(Beginning of Data shown)

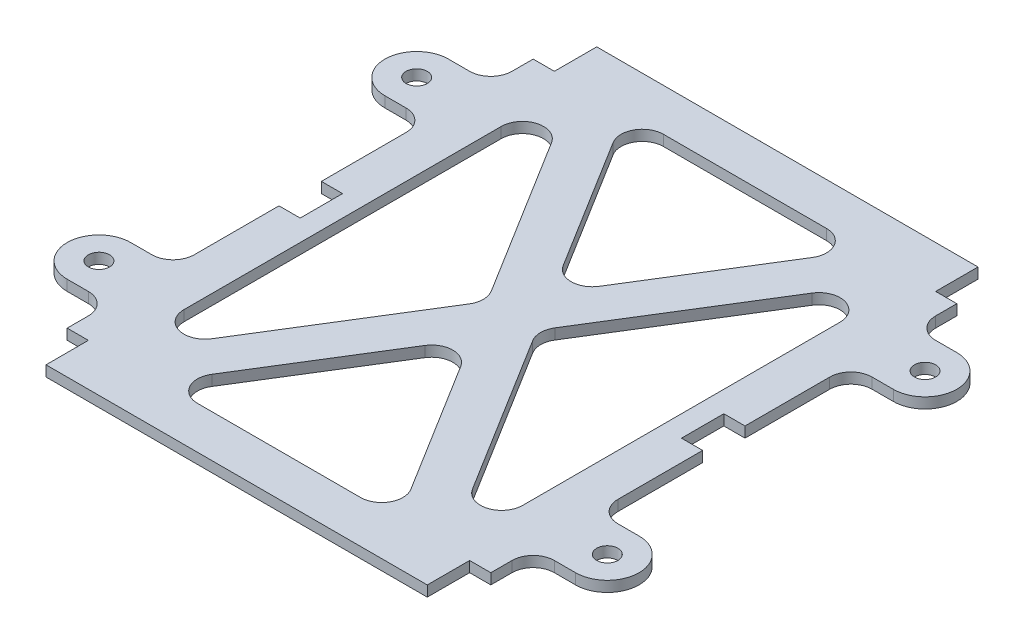
SolidWorks part; units mm, degrees
ref_plane "Front Plane" through (0, 0, 0) normal (0, 0, 1) x (1, 0, 0)
ref_plane "Top Plane" through (0, 0, 0) normal (0, 1, 0) x (1, 0, 0)
ref_plane "Right Plane" through (0, 0, 0) normal (1, 0, 0) x (0, 0, -1)
sketch "Sketch1" plane through (0, 0, 0) normal (0, 1, 0) x (1, 0, 0)
  line L0 (107.95, 78.6193) -> (64.6224, 78.6193) construction
  line L6 (107.95, 126.1857) -> (107.95, 31.053)
  line L7 (0, 161.1693) -> (114.3, 161.1693)
  line L8 (-6.35, 148.4693) -> (-6.35, 142.1193)
  line L9 (0, -3.9307) -> (114.3, -3.9307)
  line L10 (120.65, 148.4693) -> (120.65, 142.1193)
  line L11 (81.5938, 8.7693) -> (32.7062, 8.7693)
  line L12 (6.35, 126.1857) -> (6.35, 31.053)
  line L13 (-12.7, 135.7693) -> (-19.05, 135.7693)
  line L15 (-12.7, 116.7193) -> (-19.05, 116.7193)
  line L17 (96.2038, 27.7058) -> (66.6987, 75.2721)
  line L18 (127, 135.7693) -> (133.35, 135.7693)
  line L20 (127, 116.7193) -> (133.35, 116.7193)
  line L22 (127, 40.5193) -> (133.35, 40.5193)
  line L23 (127, 21.4693) -> (133.35, 21.4693)
  line L24 (-12.7, 21.4693) -> (-19.05, 21.4693)
  line L26 (-12.7, 40.5193) -> (-19.05, 40.5193)
  line L27 (-6.35, 110.3693) -> (-6.35, 84.9693)
  line L28 (-6.35, 15.1193) -> (-6.35, 8.7693)
  line L29 (120.65, 15.1193) -> (120.65, 8.7693)
  line L30 (120.65, 110.3693) -> (120.65, 84.9693)
  line L31 (96.2038, 129.5329) -> (66.6987, 81.9666)
  line L32 (86.99, 138.7721) -> (62.5462, 99.3653)
  line L33 (86.99, 18.4666) -> (62.5462, 57.8734)
  line L34 (51.7538, 99.3653) -> (27.31, 138.7721)
  line L35 (49.6776, 78.6193) -> (6.35, 78.6193) construction
  line L36 (47.6013, 81.9666) -> (18.0962, 129.5329)
  line L37 (47.6013, 75.2721) -> (18.0962, 27.7058)
  line L38 (51.7538, 57.8734) -> (27.31, 18.4666)
  line L39 (57.15, 76.2) -> (57.15, 161.1693) construction
  line L42 (120.65, 8.7693) -> (114.3, 8.7693)
  line L43 (114.3, -3.9307) -> (114.3, 8.7693)
  line L44 (-6.35, 8.7693) -> (0, 8.7693)
  line L45 (0, -3.9307) -> (0, 8.7693)
  line L48 (120.65, 148.4693) -> (114.3, 148.4693)
  line L49 (114.3, 161.1693) -> (114.3, 148.4693)
  line L53 (0, 161.1693) -> (0, 148.4693)
  line L54 (-6.35, 148.4693) -> (0, 148.4693)
  line L56 (81.5938, 148.4693) -> (32.7062, 148.4693)
  line L57 (114.3, 78.6193) -> (0, 78.6193) construction
  line L58 (120.65, 72.2693) -> (120.65, 46.8693)
  line L59 (120.65, 72.2693) -> (114.3, 72.2693)
  line L61 (120.65, 84.9693) -> (114.3, 84.9693)
  line L62 (114.3, 72.2693) -> (114.3, 84.9693)
  line L63 (-6.35, 84.9693) -> (0, 84.9693)
  line L64 (0, 72.2693) -> (0, 84.9693)
  line L65 (-6.35, 72.2693) -> (0, 72.2693)
  line L66 (-6.35, 72.2693) -> (-6.35, 46.8693)
  arc A0 (-19.05, 135.7693) -> (-19.05, 116.7193) centre (-19.05, 126.2443) ccw
  arc A1 (133.35, 135.7693) -> (133.35, 116.7193) centre (133.35, 126.2443) cw
  arc A2 (133.35, 21.4693) -> (133.35, 40.5193) centre (133.35, 30.9943) ccw
  arc A3 (-19.05, 21.4693) -> (-19.05, 40.5193) centre (-19.05, 30.9943) cw
  arc A4 (120.65, 15.1193) -> (127, 21.4693) centre (127, 15.1193) cw
  arc A5 (120.65, 46.8693) -> (127, 40.5193) centre (127, 46.8693) ccw
  arc A6 (120.65, 110.3693) -> (127, 116.7193) centre (127, 110.3693) cw
  arc A7 (127, 135.7693) -> (120.65, 142.1193) centre (127, 142.1193) cw
  arc A8 (-12.7, 21.4693) -> (-6.35, 15.1193) centre (-12.7, 15.1193) cw
  arc A9 (-12.7, 40.5193) -> (-6.35, 46.8693) centre (-12.7, 46.8693) ccw
  arc A10 (-6.35, 110.3693) -> (-12.7, 116.7193) centre (-12.7, 110.3693) ccw
  arc A11 (-12.7, 135.7693) -> (-6.35, 142.1193) centre (-12.7, 142.1193) ccw
  circle A12 centre (-19.05, 126.2443) radius 3.175
  circle A13 centre (-19.05, 30.9943) radius 3.175
  circle A14 centre (133.35, 30.9943) radius 3.175
  circle A15 centre (133.35, 126.2443) radius 3.175
  arc A16 (6.35, 126.1857) -> (18.0962, 129.5329) centre (12.7, 126.1857) cw
  arc A17 (47.6013, 75.2721) -> (47.6013, 81.9666) centre (42.2051, 78.6193) ccw
  arc A18 (18.0962, 27.7058) -> (6.35, 31.053) centre (12.7, 31.053) cw
  arc A19 (32.7062, 8.7693) -> (27.31, 18.4666) centre (32.7062, 15.1193) cw
  arc A20 (86.99, 18.4666) -> (81.5938, 8.7693) centre (81.5938, 15.1193) cw
  arc A21 (62.5462, 57.8734) -> (51.7538, 57.8734) centre (57.15, 54.5262) ccw
  arc A22 (51.7538, 99.3653) -> (62.5462, 99.3653) centre (57.15, 102.7125) ccw
  arc A23 (32.7062, 148.4693) -> (27.31, 138.7721) centre (32.7062, 142.1193) ccw
  arc A24 (86.99, 138.7721) -> (81.5938, 148.4693) centre (81.5938, 142.1193) ccw
  arc A25 (66.6987, 75.2721) -> (66.6987, 81.9666) centre (72.0949, 78.6193) cw
  arc A26 (107.95, 31.053) -> (96.2038, 27.7058) centre (101.6, 31.053) cw
  arc A27 (96.2038, 129.5329) -> (107.95, 126.1857) centre (101.6, 126.1857) cw
  point P5 (57.15, 76.2)
  point P39 (-6.35, 116.7193)
  point P42 (-6.35, 135.7693)
  point P54 (6.35, 148.4693)
  point P69 (6.35, 8.7693)
  point P72 (21.2949, 8.7693)
  point P75 (93.0051, 8.7693)
  point P78 (57.15, 66.5728)
  point P83 (21.2949, 148.4693)
  point P86 (93.0051, 148.4693)
  point P92 (107.95, 8.7693)
  point P95 (107.95, 148.4693)
  dimension "D5" = 19.05
  dimension "D13" = 9.525
  dimension "D14" = 9.525
  dimension "D15" = 9.525
  dimension "D16" = 6.35
  dimension "D17" = 6.35
  dimension "D18" = 6.35
  dimension "D23" = 6.35
  dimension "D1" = 19.05
  dimension "D2" = 19.05
  dimension "D3" = 6.35
  dimension "D4" = 12.7
  dimension "D6" = 12.7
  dimension "D7" = 12.7
  dimension "D8" = 19.05
  dimension "D9" = 25.4
  dimension "D10" = 25.4
  dimension "D11" = 25.4
  dimension "D12" = 25.4
  dimension "D19" = 12.7
  dimension "D20" = 12.7
  dimension "D21" = 12.7
  dimension "D22" = 12.7
  dimension "D24" = 6.35
  dimension "D25" = 12.7
  dimension "D26" = 82.55
extrude "Boss-Extrude1" add sketch "Sketch1" along normal blind 3.175

(End of Data shown)

Exercise description: Repeat exactly, and only, the lines from the one containing "point P95 (107.95, 148.4693)" through the end of the material.

Written answer:
  point P95 (107.95, 148.4693)
  dimension "D5" = 19.05
  dimension "D13" = 9.525
  dimension "D14" = 9.525
  dimension "D15" = 9.525
  dimension "D16" = 6.35
  dimension "D17" = 6.35
  dimension "D18" = 6.35
  dimension "D23" = 6.35
  dimension "D1" = 19.05
  dimension "D2" = 19.05
  dimension "D3" = 6.35
  dimension "D4" = 12.7
  dimension "D6" = 12.7
  dimension "D7" = 12.7
  dimension "D8" = 19.05
  dimension "D9" = 25.4
  dimension "D10" = 25.4
  dimension "D11" = 25.4
  dimension "D12" = 25.4
  dimension "D19" = 12.7
  dimension "D20" = 12.7
  dimension "D21" = 12.7
  dimension "D22" = 12.7
  dimension "D24" = 6.35
  dimension "D25" = 12.7
  dimension "D26" = 82.55
extrude "Boss-Extrude1" add sketch "Sketch1" along normal blind 3.175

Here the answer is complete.